[[ Given records, beginning ]]

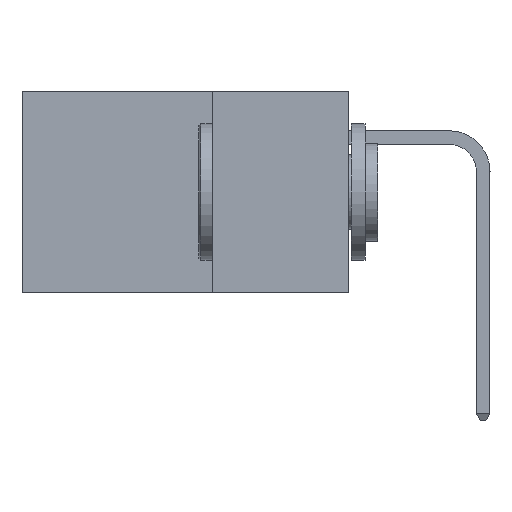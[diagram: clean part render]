
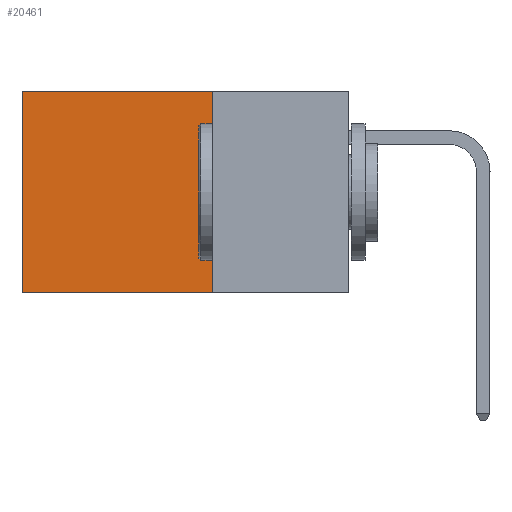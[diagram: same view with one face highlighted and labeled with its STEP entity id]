
A CAD part, left-side view. The second image highlights one B-rep face of the part: STEP entity #20461.
In plain terms, the highlighted planar face has unit normal (-1, 0, 0).
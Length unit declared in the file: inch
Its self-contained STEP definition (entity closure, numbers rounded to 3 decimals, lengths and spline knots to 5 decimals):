
#91 = ORIENTED_EDGE ( 'NONE', *, *, #22692, .F. ) ;
#174 = ORIENTED_EDGE ( 'NONE', *, *, #23511, .T. ) ;
#1200 = VECTOR ( 'NONE', #4552, 39.37008 ) ;
#3024 = VERTEX_POINT ( 'NONE', #3684 ) ;
#3476 = DIRECTION ( 'NONE',  ( 0., 0., -1. ) ) ;
#3684 = CARTESIAN_POINT ( 'NONE',  ( 0.2875, 0.6, 0. ) ) ;
#3872 = ORIENTED_EDGE ( 'NONE', *, *, #16571, .T. ) ;
#4496 = VERTEX_POINT ( 'NONE', #9836 ) ;
#4552 = DIRECTION ( 'NONE',  ( 0., 1., 0. ) ) ;
#5365 = VECTOR ( 'NONE', #17364, 39.37008 ) ;
#6536 = LINE ( 'NONE', #16033, #11114 ) ;
#7204 = EDGE_CURVE ( 'NONE', #16141, #8406, #10512, .T. ) ;
#8406 = VERTEX_POINT ( 'NONE', #18726 ) ;
#9836 = CARTESIAN_POINT ( 'NONE',  ( 0.2875, 0.6, -0.37 ) ) ;
#10512 = LINE ( 'NONE', #13043, #25504 ) ;
#11114 = VECTOR ( 'NONE', #19956, 39.37008 ) ;
#11266 = PLANE ( 'NONE',  #23956 ) ;
#12332 = LINE ( 'NONE', #24047, #1200 ) ;
#12770 = ORIENTED_EDGE ( 'NONE', *, *, #7204, .F. ) ;
#13043 = CARTESIAN_POINT ( 'NONE',  ( 0.2875, 0.25, 0. ) ) ;
#13286 = CARTESIAN_POINT ( 'NONE',  ( 0.2875, 0.25, 0. ) ) ;
#15019 = DIRECTION ( 'NONE',  ( 0., 0., -1. ) ) ;
#15235 = DIRECTION ( 'NONE',  ( 1., 0., 0. ) ) ;
#15407 = CARTESIAN_POINT ( 'NONE',  ( 0.2875, 0.25, -0.37 ) ) ;
#16033 = CARTESIAN_POINT ( 'NONE',  ( 0.2875, 0.6, 0. ) ) ;
#16141 = VERTEX_POINT ( 'NONE', #16624 ) ;
#16178 = EDGE_LOOP ( 'NONE', ( #174, #91, #12770, #3872 ) ) ;
#16571 = EDGE_CURVE ( 'NONE', #16141, #3024, #12332, .T. ) ;
#16624 = CARTESIAN_POINT ( 'NONE',  ( 0.2875, 0.25, 0. ) ) ;
#17364 = DIRECTION ( 'NONE',  ( 0., 1., 0. ) ) ;
#18726 = CARTESIAN_POINT ( 'NONE',  ( 0.2875, 0.25, -0.37 ) ) ;
#19956 = DIRECTION ( 'NONE',  ( 0., 0., -1. ) ) ;
#20436 = FACE_OUTER_BOUND ( 'NONE', #16178, .T. ) ;
#20461 = ADVANCED_FACE ( 'NONE', ( #20436 ), #11266, .F. ) ;
#21021 = LINE ( 'NONE', #15407, #5365 ) ;
#22692 = EDGE_CURVE ( 'NONE', #8406, #4496, #21021, .T. ) ;
#23511 = EDGE_CURVE ( 'NONE', #3024, #4496, #6536, .T. ) ;
#23956 = AXIS2_PLACEMENT_3D ( 'NONE', #13286, #15235, #3476 ) ;
#24047 = CARTESIAN_POINT ( 'NONE',  ( 0.2875, 0.25, 0. ) ) ;
#25504 = VECTOR ( 'NONE', #15019, 39.37008 ) ;

[[ Given records, end ]]

Work to be completed: Please, from the material above, copy only the lines from the line with "#16178 = EDGE_LOOP" up to and including the line with "#18726 = CARTESIAN_POINT", exactly as written.

Solution:
#16178 = EDGE_LOOP ( 'NONE', ( #174, #91, #12770, #3872 ) ) ;
#16571 = EDGE_CURVE ( 'NONE', #16141, #3024, #12332, .T. ) ;
#16624 = CARTESIAN_POINT ( 'NONE',  ( 0.2875, 0.25, 0. ) ) ;
#17364 = DIRECTION ( 'NONE',  ( 0., 1., 0. ) ) ;
#18726 = CARTESIAN_POINT ( 'NONE',  ( 0.2875, 0.25, -0.37 ) ) ;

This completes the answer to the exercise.